Wer weniger als die 33 Beitragsjahre erreicht hat, wird also gar keine Grundrenten-Zuschläge erhalten.
Die Zuschläge müssten auch an anteilig an EU-Ausländer gezahlt werden, die einen Teil ihrer Beitragszeit in Deutschland erbracht und die restlichen Versicherungsjahre in einem anderen EU-Land zurückgelegt haben. Wie in solchen Fällen die Anspruchsprüfung ausgestaltet werden soll, ist ebenso offen wie die damit verbundenen Kosten.

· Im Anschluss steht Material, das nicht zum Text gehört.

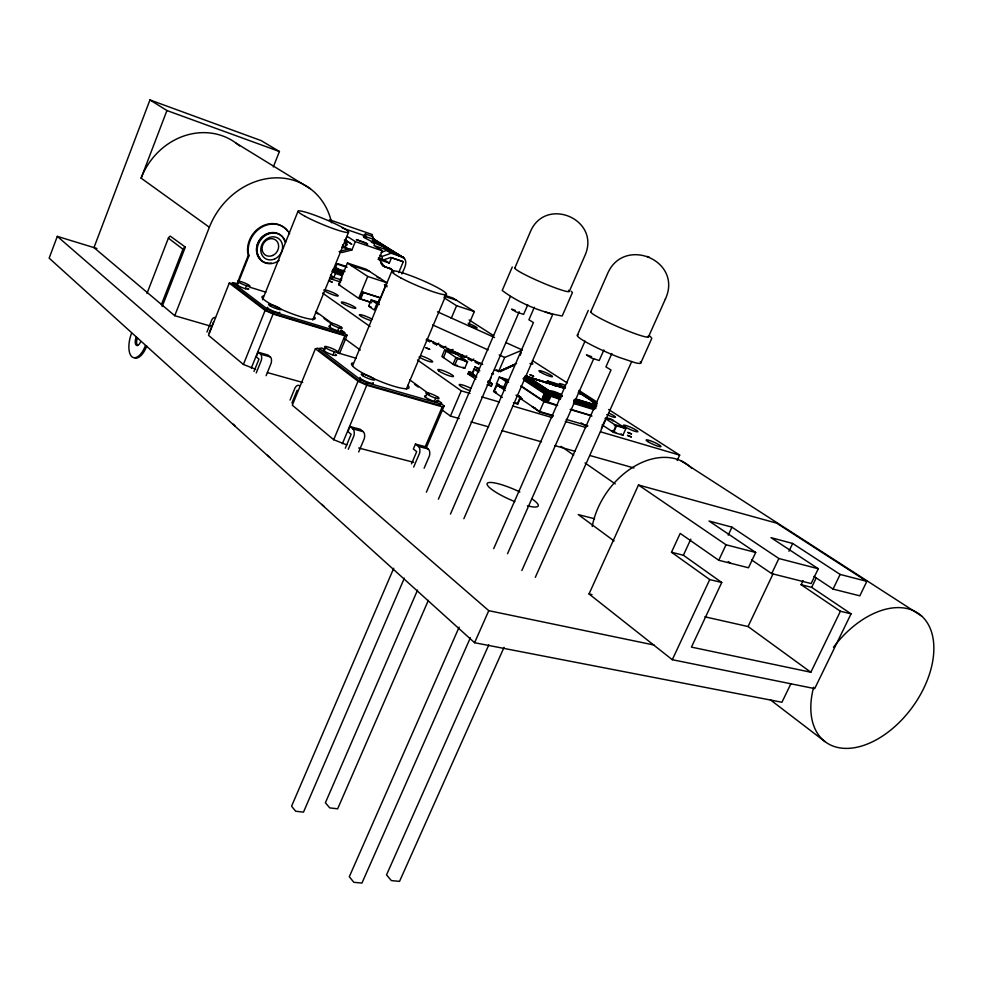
<?xml version="1.0" encoding="UTF-8"?>
<svg xmlns="http://www.w3.org/2000/svg" width="983" height="983" viewBox="0 0 983 983"><rect width="100%" height="100%" fill="white"/><g stroke="black" fill="none" stroke-linecap="round" stroke-linejoin="round"><path stroke-width="1.47" d="M372.311 237.063L372.336 234.544L329.379 219.725M580.031 393.925L579.823 392.659L578.422 392.401L580.769 393.495L579.368 392.77M579.565 393.691L579.614 392.549L578.409 392.733M665.356 299.127C683.332 260.384 623.603 235.441 607.445 273.913L590.783 311.82M343.153 269.956L342.932 272.217M96.899 248.502L57.309 236.362L49.15 258.148L474.58 642.722L781.94 702.255L790.897 683.701M273.311 166.95L279.418 151.505L261.122 140.594L149.957 99.934L93.963 247.605L174.741 315.69L210.583 326.123M331.615 222.785A70.923 61.585 -56.6 0 0 274.724 177.886A70.923 61.585 -56.6 0 0 209.354 227.257L141.122 178.156L166.926 110.538L149.957 99.934M146.958 293.475L168.388 238.119A3.711 3.33 -53.2 0 1 170.28 236.166L185.345 247.089L162.195 306.499M161.409 304.583L182.961 249.24A3.76 3.354 -53.2 0 1 184.878 247.249L185.345 247.089M174.741 315.69L209.354 227.257M206.958 331.996L211.738 319.93A5.959 2.863 -74.1 0 1 215.56 317.742M209.06 333.212L213.495 322.006M234.876 283.706L229.272 283.092L208.556 335.375L243.415 364.447L255.703 369.313M237.997 283.546L232.934 282.871L232.344 284.345L266.885 310.628L273.213 313.516L342.256 334.404L344.013 333.987L344.615 332.512L341.003 329.883M237.689 282.035L248.343 255.224L247.667 252.484A24.219 21.024 -56.6 0 1 261.65 226.409A24.219 21.024 -56.6 0 1 287.478 230.956M237.284 285.082L238.476 282.072A6.562 0.983 22.1 0 1 239.643 281.261L242.408 282.096A6.562 0.983 22.1 0 1 249.178 285.291A6.562 0.983 22.1 0 1 248.048 286.114L245.283 285.291A6.562 0.983 22.1 0 1 238.488 282.084M238.82 281.322L249.006 255.691L248.33 252.95A24.231 21.036 -56.6 0 1 263.677 226.188A24.231 21.036 -56.6 0 1 289.69 233.77M237.444 284.087A6.562 0.995 22.1 0 0 237.714 285.377A6.562 0.995 22.1 0 0 244.079 288.302L245.308 288.695L246.5 285.684M262.572 299.692L298.07 211.161M243.415 364.447L265.115 310.419L229.272 283.092M266.885 310.628L267.499 309.104L232.934 282.871M251.292 368.084L273.065 314.044L344.886 335.756L347.073 335.228L339.516 353.585M273.213 313.516L273.827 311.992L342.858 332.93L344.615 332.512M266.086 375.703L271.173 363.12A6.205 3.158 -74.4 0 0 270.374 356.964L267.954 355.01L258.136 352.197L256.256 356.878L258.971 359.102L254.007 371.414M256.231 372.962L261.331 360.331A6.23 3.146 -74.4 0 0 260.544 354.15L258.136 352.197M312.729 320.089L348.609 232.074M334.232 268.961L334.49 268.31L336.8 269.059L341.937 272.524L340.966 274.884M334.884 269.195L336.985 264.046L347.011 267.339M344.652 240.503L347.269 241.388L345.07 246.77L348.474 248.982M332.07 271.161L335.461 273.458L333.827 277.452L330.448 275.142M290.059 400.056L295.06 387.806A6.476 3.391 -74.7 0 1 299.471 385.655M401.85 273.962C403.743 269.403 409.026 261.306 403.042 257.349L377.042 241.965L373.184 238.722L403.841 257.915M339.074 251.587L341.961 252.52L351.914 249.977L355.342 241.597L347.097 236.35L345.537 240.196L351.816 244.312L347.269 241.388M342.686 273.63L343.472 271.713L341.593 270.448M371.009 302.297L358.709 298.377L338.619 284.591L347.429 263.039L366.254 269.256L386.749 282.699L378.86 301.72M341.838 277.931L339.147 284.517L339.811 284.972L338.619 284.591M291.939 402.969L297.149 390.226M317.914 348.129L315.408 348.756L292.307 405.205L333.704 439.72L346.815 444.906M324.267 348.854L321.367 348.007L319.389 348.498L318.738 350.095L359.79 381.343L366.757 384.537L439.327 405.279L440.851 404.554L441.539 402.969L437.865 400.302M329.477 326.995L330.718 323.972M324.23 350.992L325.557 347.749A7.102 1.167 22.5 0 1 326.43 346.569L329.342 347.392A7.102 1.167 22.5 0 1 336.8 350.931A7.102 1.167 22.5 0 1 335.965 352.135L333.053 351.312A7.102 1.167 22.5 0 1 325.57 347.749M372.397 242.936L373.073 240.233M337.648 330.792L338.889 327.769M373.982 243.477C374.29 237.345 380.642 246.217 373.184 238.722L404.529 258.627M373.958 243.919L375.248 241.093M374.486 243.673L375.506 241.191M374.732 243.784L375.752 241.302L373.184 238.722L391.185 253.221L403.042 257.349L374.99 241.425L403.042 257.349L386.675 250.382L381.097 252.361M324.095 349.665A7.102 1.18 22.5 0 0 324.734 351.336A7.102 1.18 22.5 0 0 331.713 354.556L333.016 354.961L334.343 351.717M342.256 334.404L342.858 332.93M358.709 298.377L367.728 276.456L347.429 263.039M378.344 301.867L380.003 297.874L379.315 297.407L362.666 292.062L359.901 298.758L371.697 302.764M337.869 352.774L344.886 335.756M360.589 299.225L363.341 292.529L362.666 292.062M403.042 257.349L386.663 249.829L373.97 245.504L382.326 250.776L378.91 259.057L384.439 266.7L391.332 269.096L393.827 272.156M371.23 299.938L376.845 303.759L374.253 310.014L368.65 306.155L371.23 299.938L379.401 302.543M373.356 301.4L373.638 300.712L379.266 304.533L376.845 303.759M378.013 259.266L389.317 263.063L391.517 257.743L403.202 261.699M352.651 365.713L391.738 271.382M398.68 272.721L403.276 261.65L390.792 257.435L382.596 260.237L378.553 257.644M333.704 439.72L358.021 381.232L315.408 348.756M359.79 381.343L360.478 379.696L319.389 348.498M366.757 384.537L367.445 382.891L440.003 403.681L441.539 402.969M342.367 443.738L366.757 385.238L442.264 406.815L444.181 405.893L440.47 403.202M358.684 451.983L364.324 438.529A6.77 3.76 -75.2 0 0 363.243 431.648L360.356 429.325L350.009 426.548L347.908 431.623L351.14 434.265L345.328 448.199M348.301 449.292L353.941 435.788A6.807 3.748 -75.2 0 0 352.885 428.883L350.009 426.548M406.335 389.084L446.466 293.942M427.924 339.528L426.131 340.069L429.62 341.642L430.075 340.585M433.564 342.158L433.11 343.227L436.612 344.812L438.811 343.202M436.612 344.812L437.066 343.743M451.234 318.381L456.591 305.725L443.947 297.665M440.568 345.328L440.114 346.397L443.616 347.982L445.791 346.348M443.616 347.982L444.07 346.913M444.697 349.899L441.908 356.497L454.699 365.295L464.726 368.342L467.564 361.707L454.674 352.983L444.697 349.899L457.537 358.635L467.564 361.707M425.369 397.181L426.745 393.913M443.493 357.591L446.294 350.98L456.259 354.064M447.572 348.498L447.118 349.567L450.619 351.152L452.77 349.506L450.619 351.152M454.588 351.681L454.134 352.75L457.636 354.335L459.307 353.733M424.128 468.24L429.46 455.768A6.598 3.858 -75.2 0 0 428.281 449.022L425.295 446.712L415.465 444.083L413.364 449.01L416.718 451.639L411.521 463.841M434.351 401.383L435.739 398.115M468.387 325.496L474.334 311.537L452.991 298.046L444.881 295.367M457.636 354.335L458.09 353.266M454.699 365.295L457.537 358.635M439.327 405.279L440.003 403.681M413.659 467.072L419.594 453.163A6.635 3.846 -75.2 0 0 418.426 446.393L415.465 444.083M466.753 355.846L464.664 357.517L461.15 355.92L461.605 354.851M425.16 446.884L442.264 406.815M426.118 448.187L444.181 405.893M464.664 357.517L465.119 356.448M465.623 361.351L465.93 360.614L455.915 357.529L453.077 364.189L457.378 365.492M468.633 358.033L468.178 359.102L471.693 360.7L473.757 359.016M471.693 360.7L472.159 359.631M512.278 266.983L502.227 290.476C519.073 303.256 541.94 312.582 562.202 315.985L572.413 292.59L571.234 291.263M475.858 379.291L467.957 373.859L468.916 371.623L473.228 372.926M459.258 418.561L450.447 416.067L461.248 390.829L417.517 359.999M514.834 267.978L530.23 232.062C545.282 195.482 601.203 219.393 584.922 255.543L569.304 291.386M470.574 372.754L469.604 374.99L473.929 376.292M475.674 361.228L475.219 362.297L478.733 363.882L480.306 363.243M479.827 370.812L473.953 369.018L472.024 373.503L475.612 375.961M478.733 363.882L479.2 362.825M393.728 568.248L291.57 806.22L295.662 811.221L303.489 812.142L404.357 578.139M426.364 492.213L510.386 296.473M438.381 499.204L519.196 311.722M489.227 381.883L491.168 377.398M487.089 384.758L491.426 386.061L492.397 383.8L488.182 380.937M494.486 369.743L498.602 371.611L504.721 357.443L522.415 350.022L505.704 342.502M527.76 304.779L523.607 314.413L515.964 311.857L511.565 309.166L515.375 310.444M496.648 369.854L500.507 371.599L500.961 370.53M501.637 370.235L500.507 371.599M502.301 369.927L501.846 370.984L502.964 369.633M500.961 386.774L496.476 383.726L499.352 377.067L508.53 379.868M502.313 397.451L493.626 391.492L496.587 384.648L505.299 387.277M503.615 369.325L503.161 370.382L504.279 369.03M504.93 368.736L504.476 369.78L505.581 368.441M495.358 392.672L495.678 391.91L494.388 391.025L496.685 385.705L505.581 388.015M506.233 368.146L505.778 369.19L506.884 367.851M507.523 367.556L507.081 368.6L508.174 367.261M534.347 307.249L528.915 319.782L533.437 322.547L450.472 514.072M508.813 366.978L508.358 368.011L509.44 366.684M510.079 366.401L509.636 367.433L510.718 366.106M511.344 365.823L510.902 366.856L511.971 365.541M512.598 365.258L512.155 366.278L513.212 364.976M503.21 388.297L506.11 381.613L499.352 377.067M513.839 364.693L513.396 365.713L514.453 364.41M417.529 590.119L325.398 802.767L329.735 807.879L337.648 808.825L428.33 600.38M520.081 355.391L521.248 352.713M463.865 518.692L552.716 314.474L545.012 311.869M518.668 396.763L518.999 396.002L516.087 395.129M517.66 403.005L519.995 397.66M513.396 402.784L517.771 404.074L520.769 397.193L518.999 396.002M553.196 415.969L539.421 411.914L532.479 406.704M546.364 383.431L547.47 380.913L556.611 383.739L563.284 388.064M548.809 382.682L549.116 381.994L558.27 384.808L557.963 385.508M557.668 405.426L542.014 399.897C544.25 388.15 551.647 389.673 561.158 394.527M542.456 400.167C544.68 385.95 556.452 391.074 547.47 402.366M542.985 400.462C545.897 386.552 555.186 390.595 546.88 402.17M543.574 400.781C547.347 387.228 553.712 389.968 546.241 401.949M539.421 411.914L543.931 401.629L520.707 386.11M544.213 401.089L549.522 390.976L545.577 401.678M544.889 401.396L549.522 390.976L527.49 376.501L525.413 376.145L527.49 376.501L525.205 376.747L547.703 391.627L562.239 396.395M577.414 335.117L588.264 310.395M459.135 627.154L349.297 876.738L353.855 882.316L361.941 883.066L470.353 637.795M493.699 548.625L585.032 341.113M507.523 553.712L593.634 358.906M603.881 349.973L599.212 360.528L591.361 357.972L586.421 354.949L591.643 356.645M474.58 642.722L488.772 610.676L57.309 236.362M611.856 353.524L605.921 366.88L611.008 369.989L521.838 570.545M587.601 426.118L584.885 424.889M488.797 644.885L386.528 874.882L391.369 880.596L399.54 881.37L504.033 647.379M601.399 428.219L605.086 419.974M535.317 577.328L631.676 361.56M648.411 337.009L665.479 298.844M612.827 421.093L613.159 420.368L606.499 418.365M640.732 363.096L651.803 338.361L650.181 336.284M606.032 417.603L611.352 419.2L625.888 428.613L622.939 435.174L613.576 432.409L616.538 425.823L605.049 418.353M623.726 428.158L624.058 427.421L614.707 424.631L614.375 425.356L615.751 426.253L613.453 431.377L612.09 430.48L611.758 431.205L615.763 432.397M803.062 580.621L801.108 584.713L811.675 587.355L851.057 613.834L814.698 688.628L672.286 659.704L589.026 593.953L638.471 485L776.681 523.153L866.846 581.371L859.818 595.833L833.056 589.087L813.936 576.382M677.213 460.486L679.671 455.104L608.624 409.493M851.057 613.834L840.416 611.254L810.852 672.237L691.442 647.109L721.743 582.489L709.738 579.577L671.487 552.249L680.187 533.4L718.77 560.273L748.493 567.769L755.694 552.471L709.013 521.002L731.954 527.158L778.868 558.504L818.261 568.739L811.147 583.558L771.692 573.617L751.54 559.88M671.487 552.249L683.382 555.235L690.816 539.151M596.927 403.755L579.503 392.5M728.206 535.182L731.954 527.158M672.286 659.704L709.738 579.577M718.77 560.273L726.019 544.766L755.694 552.471M771.692 573.617L778.868 558.504M704.836 616.808L748.051 626.54L773.056 573.851M788.968 551.254L792.667 543.464L840.133 574.428L866.846 581.371M811.675 587.355L816.234 577.869M833.056 589.087L840.133 574.428M371.341 242.26L373.773 239.422L372.913 236.547L365.369 233.954L363.378 236.301L365.873 237.861C356.546 233.819 379.45 245.934 382.67 246.242M365.516 237.64L366.217 236.829L365.369 233.954M579.048 392.635L580.412 393.077M344.357 240.061L347.097 244.693L343.866 247.212L342.477 244.89M498.602 371.611L516.603 363.44M461.15 355.92L462.796 355.318M525.352 376.17L564.623 387.892M379.966 255.187L381.994 256.477L391.185 253.221L386.675 250.382M429.62 341.642L431.402 341.101M340.069 251.279L350.009 248.748L351.914 249.977M561.846 395.277L548.661 391.074L526.077 376.157L527.49 376.501L525.352 376.231M525.524 376.145L565.041 388.076M488.772 610.676L654.1 645.045M473.929 371.119L473.388 371.341M589.026 593.953L591.987 594.617M525.696 376.17L563.701 387.855M466.225 361.977L466.765 361.769M333.016 354.961L334.625 355.379A7.102 1.18 22.5 0 0 335.461 354.163M594.568 518.766L578.274 514.588L614.043 540.933M358.697 448.002L413.622 462.305M352.885 428.883L363.243 431.648M418.426 446.393L428.281 449.022M792.667 543.464L770.979 537.64L818.261 568.739M245.308 288.695L246.856 289.125A6.562 0.995 22.1 0 0 247.974 288.277M267.45 372.606L302.703 382.461M471.004 421.891L488.612 426.868M501.834 430.603L541.473 441.822M554.695 445.557L575.252 451.369M589.935 455.522L633.986 467.982M260.544 354.15L270.374 356.964M553.368 415.588L539.593 411.521L519.651 398.004M566.183 419.372L587.773 425.75M337.292 352.7L356.092 358.242M461.248 390.829L470.046 393.421M481.768 396.874L499.364 402.047M512.561 405.93L552.139 417.578M565.323 421.461L585.856 427.494M600.515 431.807L679.671 455.104M532.319 407.085L535.059 407.896M516.394 395.891L520.769 397.193M616.538 425.823L625.888 428.613M519.688 397.992L522.415 398.815M493.626 391.492L496.538 392.352M488.06 382.498L492.397 383.8M499.597 386.577L503.947 387.892M570.791 409.358L591.201 415.49M543.931 401.629L557.042 405.561M570.14 409.493L591.975 416.042M467.957 373.859L470.832 374.72M496.476 383.726L498.946 384.476M487.814 381.785L490.701 382.657M579.012 392.401L580.756 393.827M573.888 399.934L595.735 406.593M560.863 396.604L547.224 392.057L524.48 377.116M573.974 400.597L595.821 407.245M560.851 397.304L546.769 392.561L523.927 377.57M573.961 401.297L595.809 407.933M560.752 398.029L546.339 393.151L524.664 378.897M573.863 402.01L595.71 408.645M506.11 381.613L508.592 382.362L501.821 377.828M560.568 398.742L545.946 393.778L523.017 378.688M573.679 402.723L594.076 408.903M560.31 399.43L545.626 394.441L523.902 380.151M573.421 403.411L593.818 409.579M575.719 398.963L596.091 405.18M561.539 394.847L549.104 390.964L526.814 376.317L527.49 376.501M576.087 399.282L596.472 405.5M574.944 399.27L596.792 405.93M562.079 395.793L548.195 391.295L525.524 376.403M575.19 399.786L595.575 405.991M525.684 376.464L530.009 377.791M532.897 378.688L561.772 387.585M525.205 376.747L529.542 378.086M249.719 287.183L265.852 292.172M368.65 306.155L371.07 306.929M329.809 278.533L340.597 282.01M363.341 292.529L380.003 297.874M330.62 276.53L341.642 279.983M332.623 269.477L341.937 272.524M341.089 272.991L334.49 268.31M332.401 270.866L342.625 274.196M335.461 273.458L341.973 275.572M367.728 276.456L386.749 282.699M456.591 305.725L474.334 311.537M334.638 268.175L344.959 271.554M384.39 284.603L387.019 285.463M343.472 271.713L335.842 267.56M444.304 296.239L456.493 300.257M337.968 263.727L346.557 266.553M377.103 277.243L379.966 278.189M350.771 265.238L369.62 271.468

Bei der Einkommensprüfung ist zudem ein automatisierter Datenabgleich zwischen Finanzämtern und Rentenversicherung vorgesehen. „Außer dem Hinweis, die Absprachen mit den Finanzbehörden würden laufen, gibt es keine Informationen dazu, wie das umgesetzt werden soll“, wundert sich die Präsidentin des Bundesverbandes der Rentenberater e.V., Anke Voss. „Einen solchen automatischen Abgleich hat es bisher noch nie gegeben und wir haben den Eindruck, da soll etwas durchgepeitscht werden, was technisch noch gar nicht gelöst ist.“
Wie wird sie finanziert?
Der Gesetzgeber rechnet zur geplanten Einführung der Grundrente in 2021 mit Kosten in Höhe von 1,3 Milliarden Euro. Um diesen Kostenpunkt zu stemmen, sollte ursprünglich eine Finanztransaktionssteuer in weiten Teilen Europas eingeführt werden. Diese Pläne drohen allerdings am Widerstand der europäischen Nachbarn zu scheitern. In Sachen Finanzierung der Grundrente steht bisher nur fest, dass Steuermittel dafür aufgewendet werden sollen.
Was bedeutet das für den Vermittler-Alltag?
Wichtig ist, dass mit dem Kabinettsbeschluss nun der Gesetzgebungsprozess begonnen hat. Wie die Vergangenheit zeigt, kommt kaum ein Gesetz so aus den Parlamenten, wie es hineingekommen ist. Es heißt also erstmal abwarten.
Nichtsdestotrotz erfährt das Thema Altersvorsorge durch die Grundrente erhöhte Aufmerksamkeit: Das ist natürlich erfreulich, da hier offenbar weiterhin großer Nachholbedarf besteht. Einer Umfrage des Bundesverbands deutscher Banken aus dem vergangenen Jahr zufolge, hat sich knapp jeder vierte Versicherte in Deutschland noch keinerlei ernsthaften Gedanken über seine Altersvorsorge gemacht. Sollte die Grundrente hier aktivierend wirken, wäre das sicherlich ein positiver Nebeneffekt.
Auf der anderen Seite birgt die Grundrente die Gefahr, als falsches Ruhekissen verstanden zu werden. Sollte der Gedanke aufkommen, dass die Rentenaufstockung eine private Altersvorsorge erübrigt, dürfte dies den Arbeitsalltag der Vermittler nicht unbedingt leichter machen.
Hier gilt es aufzuzeigen, dass die Grundrente nur dazu intendiert ist, einem Teil der Menschen - sofern sie bestimmte Bedingungen erfüllen - aus der Altersarmut zu helfen. Einen Lebensstandard garantiert sie nicht.